**EXERCISE PROMPT:** Each line in the records below, from the one that contains "- Mate:572: Num10" to the one that contains "- Mate:585: 10-32", should be reproduced exactly, the first and last included.

-------- DATA TO EXAMINE --------

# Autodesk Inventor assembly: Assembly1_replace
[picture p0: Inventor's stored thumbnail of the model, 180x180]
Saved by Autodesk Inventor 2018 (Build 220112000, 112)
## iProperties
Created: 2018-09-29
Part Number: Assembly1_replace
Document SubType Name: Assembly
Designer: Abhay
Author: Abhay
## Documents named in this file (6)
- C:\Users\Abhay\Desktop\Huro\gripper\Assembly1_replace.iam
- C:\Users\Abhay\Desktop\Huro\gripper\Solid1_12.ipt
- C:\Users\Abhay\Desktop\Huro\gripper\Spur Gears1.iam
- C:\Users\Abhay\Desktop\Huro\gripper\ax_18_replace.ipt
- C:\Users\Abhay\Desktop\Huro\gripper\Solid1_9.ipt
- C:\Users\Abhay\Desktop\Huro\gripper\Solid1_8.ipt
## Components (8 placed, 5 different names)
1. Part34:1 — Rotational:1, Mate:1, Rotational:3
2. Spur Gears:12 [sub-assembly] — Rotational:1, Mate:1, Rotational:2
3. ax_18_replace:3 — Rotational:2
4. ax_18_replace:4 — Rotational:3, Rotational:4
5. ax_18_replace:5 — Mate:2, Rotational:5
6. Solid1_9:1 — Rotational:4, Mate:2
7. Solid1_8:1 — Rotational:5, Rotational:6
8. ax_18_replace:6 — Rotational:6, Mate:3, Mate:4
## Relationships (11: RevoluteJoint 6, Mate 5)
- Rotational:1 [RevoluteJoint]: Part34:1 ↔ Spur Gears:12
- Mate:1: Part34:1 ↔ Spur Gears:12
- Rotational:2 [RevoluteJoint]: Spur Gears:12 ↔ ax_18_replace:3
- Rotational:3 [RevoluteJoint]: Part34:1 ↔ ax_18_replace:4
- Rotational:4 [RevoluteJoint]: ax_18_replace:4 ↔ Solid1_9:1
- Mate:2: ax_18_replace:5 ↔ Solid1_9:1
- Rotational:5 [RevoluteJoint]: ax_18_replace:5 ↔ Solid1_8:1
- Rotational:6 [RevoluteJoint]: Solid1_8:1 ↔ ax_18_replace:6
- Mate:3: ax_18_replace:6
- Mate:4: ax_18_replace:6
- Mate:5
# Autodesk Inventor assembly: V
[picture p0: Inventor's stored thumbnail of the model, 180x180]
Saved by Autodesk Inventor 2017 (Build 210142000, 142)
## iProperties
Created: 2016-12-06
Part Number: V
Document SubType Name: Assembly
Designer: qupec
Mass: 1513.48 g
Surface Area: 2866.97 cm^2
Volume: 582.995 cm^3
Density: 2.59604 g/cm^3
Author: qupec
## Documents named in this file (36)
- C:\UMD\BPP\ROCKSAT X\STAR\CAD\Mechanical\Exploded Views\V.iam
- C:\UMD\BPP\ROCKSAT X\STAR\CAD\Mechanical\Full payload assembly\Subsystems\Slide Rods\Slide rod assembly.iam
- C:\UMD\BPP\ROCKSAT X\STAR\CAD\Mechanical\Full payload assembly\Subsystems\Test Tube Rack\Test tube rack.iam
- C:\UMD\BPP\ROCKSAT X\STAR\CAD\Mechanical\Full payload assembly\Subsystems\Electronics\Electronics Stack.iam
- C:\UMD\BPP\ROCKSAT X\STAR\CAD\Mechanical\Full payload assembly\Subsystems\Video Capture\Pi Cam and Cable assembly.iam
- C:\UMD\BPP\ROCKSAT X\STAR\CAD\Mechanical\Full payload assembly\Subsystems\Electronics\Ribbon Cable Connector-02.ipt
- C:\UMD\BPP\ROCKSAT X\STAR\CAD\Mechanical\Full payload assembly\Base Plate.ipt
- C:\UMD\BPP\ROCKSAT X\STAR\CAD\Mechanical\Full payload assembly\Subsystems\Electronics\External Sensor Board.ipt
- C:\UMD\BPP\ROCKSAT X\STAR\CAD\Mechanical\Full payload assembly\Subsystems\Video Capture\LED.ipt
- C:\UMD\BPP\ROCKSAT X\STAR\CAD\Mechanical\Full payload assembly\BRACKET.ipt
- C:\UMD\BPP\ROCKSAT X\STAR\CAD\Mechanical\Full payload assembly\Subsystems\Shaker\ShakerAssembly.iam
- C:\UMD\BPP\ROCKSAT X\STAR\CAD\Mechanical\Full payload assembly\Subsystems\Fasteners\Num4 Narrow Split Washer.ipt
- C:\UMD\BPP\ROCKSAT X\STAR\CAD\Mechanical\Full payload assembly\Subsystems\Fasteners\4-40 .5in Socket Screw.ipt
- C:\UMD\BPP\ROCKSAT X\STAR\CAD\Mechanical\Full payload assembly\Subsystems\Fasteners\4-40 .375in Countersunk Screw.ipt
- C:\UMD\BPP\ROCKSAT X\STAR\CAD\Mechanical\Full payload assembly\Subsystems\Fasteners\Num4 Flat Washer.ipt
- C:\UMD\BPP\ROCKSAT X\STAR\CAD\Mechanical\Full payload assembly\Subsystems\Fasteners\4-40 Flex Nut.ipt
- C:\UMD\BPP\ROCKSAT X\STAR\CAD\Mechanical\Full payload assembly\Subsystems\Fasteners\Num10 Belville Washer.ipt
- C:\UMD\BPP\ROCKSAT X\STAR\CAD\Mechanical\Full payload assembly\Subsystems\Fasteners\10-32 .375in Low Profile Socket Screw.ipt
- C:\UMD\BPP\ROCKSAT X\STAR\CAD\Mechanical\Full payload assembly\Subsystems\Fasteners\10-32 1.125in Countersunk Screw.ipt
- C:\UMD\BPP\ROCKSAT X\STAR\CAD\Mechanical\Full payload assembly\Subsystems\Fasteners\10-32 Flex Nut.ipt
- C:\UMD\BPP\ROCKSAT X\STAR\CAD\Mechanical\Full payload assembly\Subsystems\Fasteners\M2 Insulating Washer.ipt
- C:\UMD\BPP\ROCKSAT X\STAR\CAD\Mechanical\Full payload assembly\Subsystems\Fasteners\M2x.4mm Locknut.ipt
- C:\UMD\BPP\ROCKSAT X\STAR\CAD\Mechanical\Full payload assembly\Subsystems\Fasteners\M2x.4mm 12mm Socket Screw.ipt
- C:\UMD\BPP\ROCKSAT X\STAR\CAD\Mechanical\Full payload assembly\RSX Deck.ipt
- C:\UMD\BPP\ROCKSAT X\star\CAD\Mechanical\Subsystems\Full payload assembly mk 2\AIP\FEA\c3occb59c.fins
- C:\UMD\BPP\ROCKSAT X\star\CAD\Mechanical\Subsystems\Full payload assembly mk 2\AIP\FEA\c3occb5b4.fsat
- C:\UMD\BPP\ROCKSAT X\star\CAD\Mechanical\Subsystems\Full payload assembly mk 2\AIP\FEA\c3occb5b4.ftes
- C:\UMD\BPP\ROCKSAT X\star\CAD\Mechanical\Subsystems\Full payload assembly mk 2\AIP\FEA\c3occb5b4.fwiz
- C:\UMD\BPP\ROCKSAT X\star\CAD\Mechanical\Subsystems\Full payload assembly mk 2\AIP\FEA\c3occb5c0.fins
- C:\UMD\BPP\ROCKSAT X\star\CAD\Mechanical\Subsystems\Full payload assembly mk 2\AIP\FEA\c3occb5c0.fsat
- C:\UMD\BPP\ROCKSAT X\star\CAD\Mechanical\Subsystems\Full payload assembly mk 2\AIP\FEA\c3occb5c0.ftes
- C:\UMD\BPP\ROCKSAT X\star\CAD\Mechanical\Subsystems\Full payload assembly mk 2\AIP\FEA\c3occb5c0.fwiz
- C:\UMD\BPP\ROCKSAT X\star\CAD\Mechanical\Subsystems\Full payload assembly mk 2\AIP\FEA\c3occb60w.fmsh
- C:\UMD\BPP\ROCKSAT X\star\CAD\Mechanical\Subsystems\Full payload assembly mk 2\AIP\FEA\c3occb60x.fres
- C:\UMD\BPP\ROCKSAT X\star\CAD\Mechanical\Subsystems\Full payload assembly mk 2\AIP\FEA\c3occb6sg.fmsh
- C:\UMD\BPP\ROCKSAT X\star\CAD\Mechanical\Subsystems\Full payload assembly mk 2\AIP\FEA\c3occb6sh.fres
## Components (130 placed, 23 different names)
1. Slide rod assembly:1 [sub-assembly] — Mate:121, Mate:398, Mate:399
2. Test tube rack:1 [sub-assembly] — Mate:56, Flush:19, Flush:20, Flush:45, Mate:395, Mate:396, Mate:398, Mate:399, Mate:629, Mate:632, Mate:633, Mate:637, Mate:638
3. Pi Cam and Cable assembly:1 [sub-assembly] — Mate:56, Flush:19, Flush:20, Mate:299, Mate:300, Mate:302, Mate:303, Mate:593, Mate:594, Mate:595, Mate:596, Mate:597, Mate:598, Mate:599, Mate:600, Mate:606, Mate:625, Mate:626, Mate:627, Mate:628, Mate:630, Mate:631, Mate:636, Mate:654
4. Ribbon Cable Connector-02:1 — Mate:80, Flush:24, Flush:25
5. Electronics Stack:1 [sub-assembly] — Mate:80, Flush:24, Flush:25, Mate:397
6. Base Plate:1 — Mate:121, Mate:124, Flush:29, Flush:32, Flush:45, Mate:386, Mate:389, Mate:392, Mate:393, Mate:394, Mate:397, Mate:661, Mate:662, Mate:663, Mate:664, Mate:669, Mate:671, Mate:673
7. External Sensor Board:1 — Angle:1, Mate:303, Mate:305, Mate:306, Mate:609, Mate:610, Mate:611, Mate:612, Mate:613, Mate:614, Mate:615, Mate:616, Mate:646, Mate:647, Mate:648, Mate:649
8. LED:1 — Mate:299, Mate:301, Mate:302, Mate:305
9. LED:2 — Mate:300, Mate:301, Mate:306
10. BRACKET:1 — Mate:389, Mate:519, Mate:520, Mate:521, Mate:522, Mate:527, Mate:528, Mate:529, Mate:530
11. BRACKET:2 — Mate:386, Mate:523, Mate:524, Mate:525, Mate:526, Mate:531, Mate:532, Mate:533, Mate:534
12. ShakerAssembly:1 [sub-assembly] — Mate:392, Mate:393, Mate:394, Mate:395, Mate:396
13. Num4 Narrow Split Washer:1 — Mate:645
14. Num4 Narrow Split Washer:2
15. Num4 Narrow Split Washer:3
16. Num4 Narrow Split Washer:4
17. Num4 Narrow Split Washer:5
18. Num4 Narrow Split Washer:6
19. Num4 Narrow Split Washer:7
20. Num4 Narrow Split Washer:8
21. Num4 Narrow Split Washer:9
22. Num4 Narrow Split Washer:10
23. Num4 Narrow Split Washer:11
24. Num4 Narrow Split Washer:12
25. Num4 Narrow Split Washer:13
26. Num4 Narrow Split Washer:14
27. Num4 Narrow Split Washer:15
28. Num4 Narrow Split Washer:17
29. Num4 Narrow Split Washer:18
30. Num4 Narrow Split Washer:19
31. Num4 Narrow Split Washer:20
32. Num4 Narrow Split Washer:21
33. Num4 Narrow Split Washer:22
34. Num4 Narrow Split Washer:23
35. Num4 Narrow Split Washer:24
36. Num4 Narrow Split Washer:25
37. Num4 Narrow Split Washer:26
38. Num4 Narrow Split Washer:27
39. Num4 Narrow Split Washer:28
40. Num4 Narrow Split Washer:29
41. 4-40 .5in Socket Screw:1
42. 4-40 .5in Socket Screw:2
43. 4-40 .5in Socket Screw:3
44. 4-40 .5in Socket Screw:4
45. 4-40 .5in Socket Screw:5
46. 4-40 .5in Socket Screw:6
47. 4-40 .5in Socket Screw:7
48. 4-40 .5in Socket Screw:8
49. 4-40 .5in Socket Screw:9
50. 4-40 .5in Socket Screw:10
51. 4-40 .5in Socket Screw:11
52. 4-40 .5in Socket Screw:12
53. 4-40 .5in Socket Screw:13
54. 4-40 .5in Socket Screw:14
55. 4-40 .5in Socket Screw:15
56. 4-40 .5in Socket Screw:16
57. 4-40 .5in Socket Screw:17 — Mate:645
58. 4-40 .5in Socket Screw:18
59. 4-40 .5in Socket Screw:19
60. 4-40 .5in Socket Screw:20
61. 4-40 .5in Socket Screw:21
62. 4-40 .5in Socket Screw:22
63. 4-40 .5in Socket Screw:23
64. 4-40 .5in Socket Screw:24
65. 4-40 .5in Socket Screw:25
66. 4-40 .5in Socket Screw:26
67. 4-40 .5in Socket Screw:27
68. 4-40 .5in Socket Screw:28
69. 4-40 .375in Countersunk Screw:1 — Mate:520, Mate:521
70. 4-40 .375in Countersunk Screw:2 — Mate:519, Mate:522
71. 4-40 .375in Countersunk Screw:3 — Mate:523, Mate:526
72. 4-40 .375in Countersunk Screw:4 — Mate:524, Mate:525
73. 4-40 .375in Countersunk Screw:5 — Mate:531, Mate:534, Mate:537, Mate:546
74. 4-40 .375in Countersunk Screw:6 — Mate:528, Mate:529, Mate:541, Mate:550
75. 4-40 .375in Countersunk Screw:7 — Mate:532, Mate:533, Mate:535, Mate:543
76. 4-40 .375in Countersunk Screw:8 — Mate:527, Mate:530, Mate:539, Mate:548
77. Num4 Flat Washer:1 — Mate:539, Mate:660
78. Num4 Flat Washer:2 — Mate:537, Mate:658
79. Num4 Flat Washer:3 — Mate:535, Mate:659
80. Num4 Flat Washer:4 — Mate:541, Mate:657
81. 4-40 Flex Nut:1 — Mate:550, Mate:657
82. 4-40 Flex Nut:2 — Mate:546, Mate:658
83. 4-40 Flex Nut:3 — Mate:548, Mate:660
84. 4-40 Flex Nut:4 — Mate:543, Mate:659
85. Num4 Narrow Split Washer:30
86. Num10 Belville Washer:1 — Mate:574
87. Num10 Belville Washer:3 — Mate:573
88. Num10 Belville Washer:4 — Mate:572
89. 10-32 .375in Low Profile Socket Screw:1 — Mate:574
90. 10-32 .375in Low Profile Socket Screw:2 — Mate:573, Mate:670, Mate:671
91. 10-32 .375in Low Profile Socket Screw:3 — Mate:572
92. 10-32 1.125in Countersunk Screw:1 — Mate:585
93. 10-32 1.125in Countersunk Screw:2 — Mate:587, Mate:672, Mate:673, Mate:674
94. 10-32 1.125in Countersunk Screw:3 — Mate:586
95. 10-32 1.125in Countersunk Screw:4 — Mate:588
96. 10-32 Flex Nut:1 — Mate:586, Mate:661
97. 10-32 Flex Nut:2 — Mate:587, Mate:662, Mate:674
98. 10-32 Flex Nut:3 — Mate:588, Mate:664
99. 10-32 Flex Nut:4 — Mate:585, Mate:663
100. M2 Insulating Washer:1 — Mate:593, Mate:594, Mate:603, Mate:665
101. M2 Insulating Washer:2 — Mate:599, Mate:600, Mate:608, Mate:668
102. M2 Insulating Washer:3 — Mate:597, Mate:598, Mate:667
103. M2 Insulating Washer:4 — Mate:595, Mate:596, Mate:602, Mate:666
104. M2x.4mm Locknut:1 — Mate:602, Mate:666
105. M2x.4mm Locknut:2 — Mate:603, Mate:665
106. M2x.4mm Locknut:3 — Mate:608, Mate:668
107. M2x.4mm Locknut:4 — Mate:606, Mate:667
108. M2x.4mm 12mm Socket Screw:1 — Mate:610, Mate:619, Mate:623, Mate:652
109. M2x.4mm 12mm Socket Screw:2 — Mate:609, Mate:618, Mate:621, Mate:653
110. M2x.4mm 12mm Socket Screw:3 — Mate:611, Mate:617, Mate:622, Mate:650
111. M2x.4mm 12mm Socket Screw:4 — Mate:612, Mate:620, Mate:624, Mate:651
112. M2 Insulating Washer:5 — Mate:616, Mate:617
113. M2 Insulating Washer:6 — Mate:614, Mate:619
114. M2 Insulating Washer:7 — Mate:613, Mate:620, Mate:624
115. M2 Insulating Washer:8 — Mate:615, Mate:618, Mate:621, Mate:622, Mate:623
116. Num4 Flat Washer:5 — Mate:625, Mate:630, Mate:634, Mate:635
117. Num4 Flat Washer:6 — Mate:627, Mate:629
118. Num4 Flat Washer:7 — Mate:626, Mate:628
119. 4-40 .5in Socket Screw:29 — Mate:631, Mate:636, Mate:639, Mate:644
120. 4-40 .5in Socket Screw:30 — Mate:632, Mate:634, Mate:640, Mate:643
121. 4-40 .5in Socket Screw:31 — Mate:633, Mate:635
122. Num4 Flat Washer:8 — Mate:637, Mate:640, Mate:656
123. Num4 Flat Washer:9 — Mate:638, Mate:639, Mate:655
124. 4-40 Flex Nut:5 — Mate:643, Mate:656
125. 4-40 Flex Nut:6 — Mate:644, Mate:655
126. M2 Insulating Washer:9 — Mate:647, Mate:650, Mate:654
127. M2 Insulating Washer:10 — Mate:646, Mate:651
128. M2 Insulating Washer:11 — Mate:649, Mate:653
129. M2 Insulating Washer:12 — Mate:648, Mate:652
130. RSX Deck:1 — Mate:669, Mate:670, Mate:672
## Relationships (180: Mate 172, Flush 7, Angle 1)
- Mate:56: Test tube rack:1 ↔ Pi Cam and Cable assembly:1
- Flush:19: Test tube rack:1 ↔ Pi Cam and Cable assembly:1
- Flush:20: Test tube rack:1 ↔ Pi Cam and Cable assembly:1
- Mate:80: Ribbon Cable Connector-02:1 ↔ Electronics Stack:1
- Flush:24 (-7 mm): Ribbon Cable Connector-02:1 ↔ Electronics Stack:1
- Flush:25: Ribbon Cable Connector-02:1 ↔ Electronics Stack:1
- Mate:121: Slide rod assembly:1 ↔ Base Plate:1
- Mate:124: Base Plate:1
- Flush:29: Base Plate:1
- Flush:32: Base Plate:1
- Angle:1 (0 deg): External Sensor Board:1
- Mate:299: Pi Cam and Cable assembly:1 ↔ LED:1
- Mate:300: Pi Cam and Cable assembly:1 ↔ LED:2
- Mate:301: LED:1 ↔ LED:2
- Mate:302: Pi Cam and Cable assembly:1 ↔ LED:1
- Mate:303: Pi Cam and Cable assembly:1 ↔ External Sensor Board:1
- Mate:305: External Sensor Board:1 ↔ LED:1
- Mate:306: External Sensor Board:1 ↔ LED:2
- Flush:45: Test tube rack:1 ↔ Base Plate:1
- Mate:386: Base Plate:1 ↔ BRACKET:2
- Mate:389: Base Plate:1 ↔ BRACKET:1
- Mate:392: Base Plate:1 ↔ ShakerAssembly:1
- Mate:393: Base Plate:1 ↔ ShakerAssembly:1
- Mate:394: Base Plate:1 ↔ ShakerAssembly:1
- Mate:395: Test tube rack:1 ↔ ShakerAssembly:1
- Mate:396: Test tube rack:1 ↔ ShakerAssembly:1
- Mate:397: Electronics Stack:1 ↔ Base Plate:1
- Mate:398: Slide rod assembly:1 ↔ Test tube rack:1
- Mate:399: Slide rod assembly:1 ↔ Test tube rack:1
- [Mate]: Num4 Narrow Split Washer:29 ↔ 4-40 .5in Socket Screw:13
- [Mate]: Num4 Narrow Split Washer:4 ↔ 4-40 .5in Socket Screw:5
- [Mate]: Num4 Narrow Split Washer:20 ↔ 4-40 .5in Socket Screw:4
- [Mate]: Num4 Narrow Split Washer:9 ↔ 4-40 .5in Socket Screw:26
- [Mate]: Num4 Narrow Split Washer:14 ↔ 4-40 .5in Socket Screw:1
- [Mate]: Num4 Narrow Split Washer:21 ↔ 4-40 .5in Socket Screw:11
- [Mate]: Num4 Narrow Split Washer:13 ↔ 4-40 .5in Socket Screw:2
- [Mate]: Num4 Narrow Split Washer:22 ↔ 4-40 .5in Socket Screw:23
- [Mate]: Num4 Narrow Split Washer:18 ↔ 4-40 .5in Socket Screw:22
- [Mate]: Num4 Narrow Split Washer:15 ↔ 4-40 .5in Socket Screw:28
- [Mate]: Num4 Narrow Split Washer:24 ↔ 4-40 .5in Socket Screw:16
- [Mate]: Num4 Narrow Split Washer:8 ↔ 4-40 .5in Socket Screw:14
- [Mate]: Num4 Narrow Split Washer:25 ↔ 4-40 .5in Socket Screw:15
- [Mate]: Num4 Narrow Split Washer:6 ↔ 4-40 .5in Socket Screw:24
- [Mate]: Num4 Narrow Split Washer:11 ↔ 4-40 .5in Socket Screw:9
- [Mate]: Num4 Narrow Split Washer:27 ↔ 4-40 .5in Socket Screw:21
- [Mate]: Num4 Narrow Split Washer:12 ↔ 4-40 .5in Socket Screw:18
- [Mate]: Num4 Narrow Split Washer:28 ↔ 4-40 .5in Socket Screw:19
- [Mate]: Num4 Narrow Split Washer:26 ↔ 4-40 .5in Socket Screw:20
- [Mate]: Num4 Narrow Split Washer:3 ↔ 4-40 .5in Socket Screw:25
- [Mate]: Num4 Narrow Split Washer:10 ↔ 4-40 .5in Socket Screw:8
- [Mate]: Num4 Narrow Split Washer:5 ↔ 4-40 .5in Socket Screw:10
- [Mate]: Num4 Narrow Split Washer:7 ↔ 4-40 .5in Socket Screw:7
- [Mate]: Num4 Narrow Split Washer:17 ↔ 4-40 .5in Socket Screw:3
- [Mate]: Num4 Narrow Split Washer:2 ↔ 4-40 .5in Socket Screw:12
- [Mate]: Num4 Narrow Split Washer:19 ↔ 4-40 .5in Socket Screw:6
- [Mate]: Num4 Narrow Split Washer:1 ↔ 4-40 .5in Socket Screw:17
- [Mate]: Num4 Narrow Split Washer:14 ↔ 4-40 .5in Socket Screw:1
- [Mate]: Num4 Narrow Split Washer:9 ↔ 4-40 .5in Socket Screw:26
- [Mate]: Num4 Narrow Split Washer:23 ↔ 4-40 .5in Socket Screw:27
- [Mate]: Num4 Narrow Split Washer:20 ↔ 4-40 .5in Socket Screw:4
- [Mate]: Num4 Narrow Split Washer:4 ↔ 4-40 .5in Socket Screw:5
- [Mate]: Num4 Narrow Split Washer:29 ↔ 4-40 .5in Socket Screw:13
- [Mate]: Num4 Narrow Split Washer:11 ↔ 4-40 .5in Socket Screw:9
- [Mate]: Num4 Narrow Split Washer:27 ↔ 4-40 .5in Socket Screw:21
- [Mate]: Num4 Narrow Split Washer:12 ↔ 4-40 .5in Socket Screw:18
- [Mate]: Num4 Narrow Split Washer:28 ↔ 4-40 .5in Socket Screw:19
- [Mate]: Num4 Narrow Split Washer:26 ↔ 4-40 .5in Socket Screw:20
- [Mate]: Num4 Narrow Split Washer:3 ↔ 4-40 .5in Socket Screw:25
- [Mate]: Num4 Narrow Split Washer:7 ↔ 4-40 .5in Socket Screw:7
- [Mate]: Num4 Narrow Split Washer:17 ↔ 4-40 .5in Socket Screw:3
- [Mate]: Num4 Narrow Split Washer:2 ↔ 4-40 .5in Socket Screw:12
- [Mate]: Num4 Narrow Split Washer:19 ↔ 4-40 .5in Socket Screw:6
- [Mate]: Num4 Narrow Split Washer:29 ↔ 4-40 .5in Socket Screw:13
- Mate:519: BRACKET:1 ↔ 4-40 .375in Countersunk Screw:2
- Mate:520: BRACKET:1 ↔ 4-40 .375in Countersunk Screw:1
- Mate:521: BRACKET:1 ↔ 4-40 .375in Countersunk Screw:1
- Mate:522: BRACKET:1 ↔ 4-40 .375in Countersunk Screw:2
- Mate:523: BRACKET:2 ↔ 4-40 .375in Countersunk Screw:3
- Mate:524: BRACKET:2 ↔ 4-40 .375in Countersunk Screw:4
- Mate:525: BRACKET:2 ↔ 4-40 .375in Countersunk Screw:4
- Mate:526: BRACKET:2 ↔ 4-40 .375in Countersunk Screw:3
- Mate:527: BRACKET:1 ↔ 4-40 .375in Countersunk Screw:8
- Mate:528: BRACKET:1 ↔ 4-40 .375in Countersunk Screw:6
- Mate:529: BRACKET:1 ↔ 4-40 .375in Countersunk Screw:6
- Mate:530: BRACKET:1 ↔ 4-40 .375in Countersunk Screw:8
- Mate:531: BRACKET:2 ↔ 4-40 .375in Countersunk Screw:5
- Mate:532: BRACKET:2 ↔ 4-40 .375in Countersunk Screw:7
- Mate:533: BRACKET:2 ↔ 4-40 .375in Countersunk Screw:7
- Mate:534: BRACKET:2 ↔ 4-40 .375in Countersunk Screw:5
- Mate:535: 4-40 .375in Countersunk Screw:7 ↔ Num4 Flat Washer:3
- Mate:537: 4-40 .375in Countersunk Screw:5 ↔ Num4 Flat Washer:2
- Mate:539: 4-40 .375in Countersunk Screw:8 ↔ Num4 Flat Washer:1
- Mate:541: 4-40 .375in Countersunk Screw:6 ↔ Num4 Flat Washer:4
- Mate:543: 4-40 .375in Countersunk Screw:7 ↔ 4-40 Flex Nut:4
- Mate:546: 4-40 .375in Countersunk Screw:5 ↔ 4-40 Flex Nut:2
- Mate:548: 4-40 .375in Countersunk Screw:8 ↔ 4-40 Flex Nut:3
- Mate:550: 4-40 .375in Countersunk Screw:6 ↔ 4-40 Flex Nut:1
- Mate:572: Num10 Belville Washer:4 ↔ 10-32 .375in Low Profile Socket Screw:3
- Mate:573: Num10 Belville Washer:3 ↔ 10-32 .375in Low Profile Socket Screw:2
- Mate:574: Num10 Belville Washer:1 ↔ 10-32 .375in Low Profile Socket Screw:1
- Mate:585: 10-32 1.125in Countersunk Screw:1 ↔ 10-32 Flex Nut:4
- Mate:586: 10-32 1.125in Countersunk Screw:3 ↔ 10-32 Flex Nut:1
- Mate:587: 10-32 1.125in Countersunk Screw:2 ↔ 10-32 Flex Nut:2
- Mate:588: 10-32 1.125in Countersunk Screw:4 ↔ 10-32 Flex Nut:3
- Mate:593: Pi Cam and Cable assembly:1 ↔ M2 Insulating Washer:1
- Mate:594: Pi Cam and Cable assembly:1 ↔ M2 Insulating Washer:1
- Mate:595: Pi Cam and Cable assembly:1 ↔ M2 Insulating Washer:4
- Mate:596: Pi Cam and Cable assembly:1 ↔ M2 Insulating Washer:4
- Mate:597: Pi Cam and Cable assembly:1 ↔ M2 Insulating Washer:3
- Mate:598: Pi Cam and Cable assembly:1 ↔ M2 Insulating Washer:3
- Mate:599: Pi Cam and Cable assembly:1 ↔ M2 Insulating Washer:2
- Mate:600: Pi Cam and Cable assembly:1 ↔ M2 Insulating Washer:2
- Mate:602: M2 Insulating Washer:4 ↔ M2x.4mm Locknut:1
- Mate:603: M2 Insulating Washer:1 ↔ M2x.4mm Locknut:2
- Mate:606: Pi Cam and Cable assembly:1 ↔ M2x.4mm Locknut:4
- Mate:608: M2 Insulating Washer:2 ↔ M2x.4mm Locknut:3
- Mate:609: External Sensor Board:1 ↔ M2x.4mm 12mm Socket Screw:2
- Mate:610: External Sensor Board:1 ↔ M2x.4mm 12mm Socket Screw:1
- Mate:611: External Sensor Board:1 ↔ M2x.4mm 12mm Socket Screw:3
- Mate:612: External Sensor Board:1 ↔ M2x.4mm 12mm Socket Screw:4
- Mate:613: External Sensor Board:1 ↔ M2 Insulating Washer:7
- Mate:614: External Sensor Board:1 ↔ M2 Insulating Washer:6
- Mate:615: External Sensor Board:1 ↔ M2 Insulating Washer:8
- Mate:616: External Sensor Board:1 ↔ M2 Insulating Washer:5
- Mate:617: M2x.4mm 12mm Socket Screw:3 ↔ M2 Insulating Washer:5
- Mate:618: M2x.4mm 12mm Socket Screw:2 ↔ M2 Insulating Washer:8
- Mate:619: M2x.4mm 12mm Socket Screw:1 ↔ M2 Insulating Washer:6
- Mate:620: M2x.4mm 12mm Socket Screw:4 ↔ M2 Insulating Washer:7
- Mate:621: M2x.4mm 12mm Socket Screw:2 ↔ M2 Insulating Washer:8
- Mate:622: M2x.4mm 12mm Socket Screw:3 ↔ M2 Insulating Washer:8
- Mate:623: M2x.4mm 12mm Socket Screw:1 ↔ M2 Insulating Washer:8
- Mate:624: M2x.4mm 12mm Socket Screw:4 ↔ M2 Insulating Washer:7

--------

**SOLUTION FOR THIS TASK:**
- Mate:572: Num10 Belville Washer:4 ↔ 10-32 .375in Low Profile Socket Screw:3
- Mate:573: Num10 Belville Washer:3 ↔ 10-32 .375in Low Profile Socket Screw:2
- Mate:574: Num10 Belville Washer:1 ↔ 10-32 .375in Low Profile Socket Screw:1
- Mate:585: 10-32 1.125in Countersunk Screw:1 ↔ 10-32 Flex Nut:4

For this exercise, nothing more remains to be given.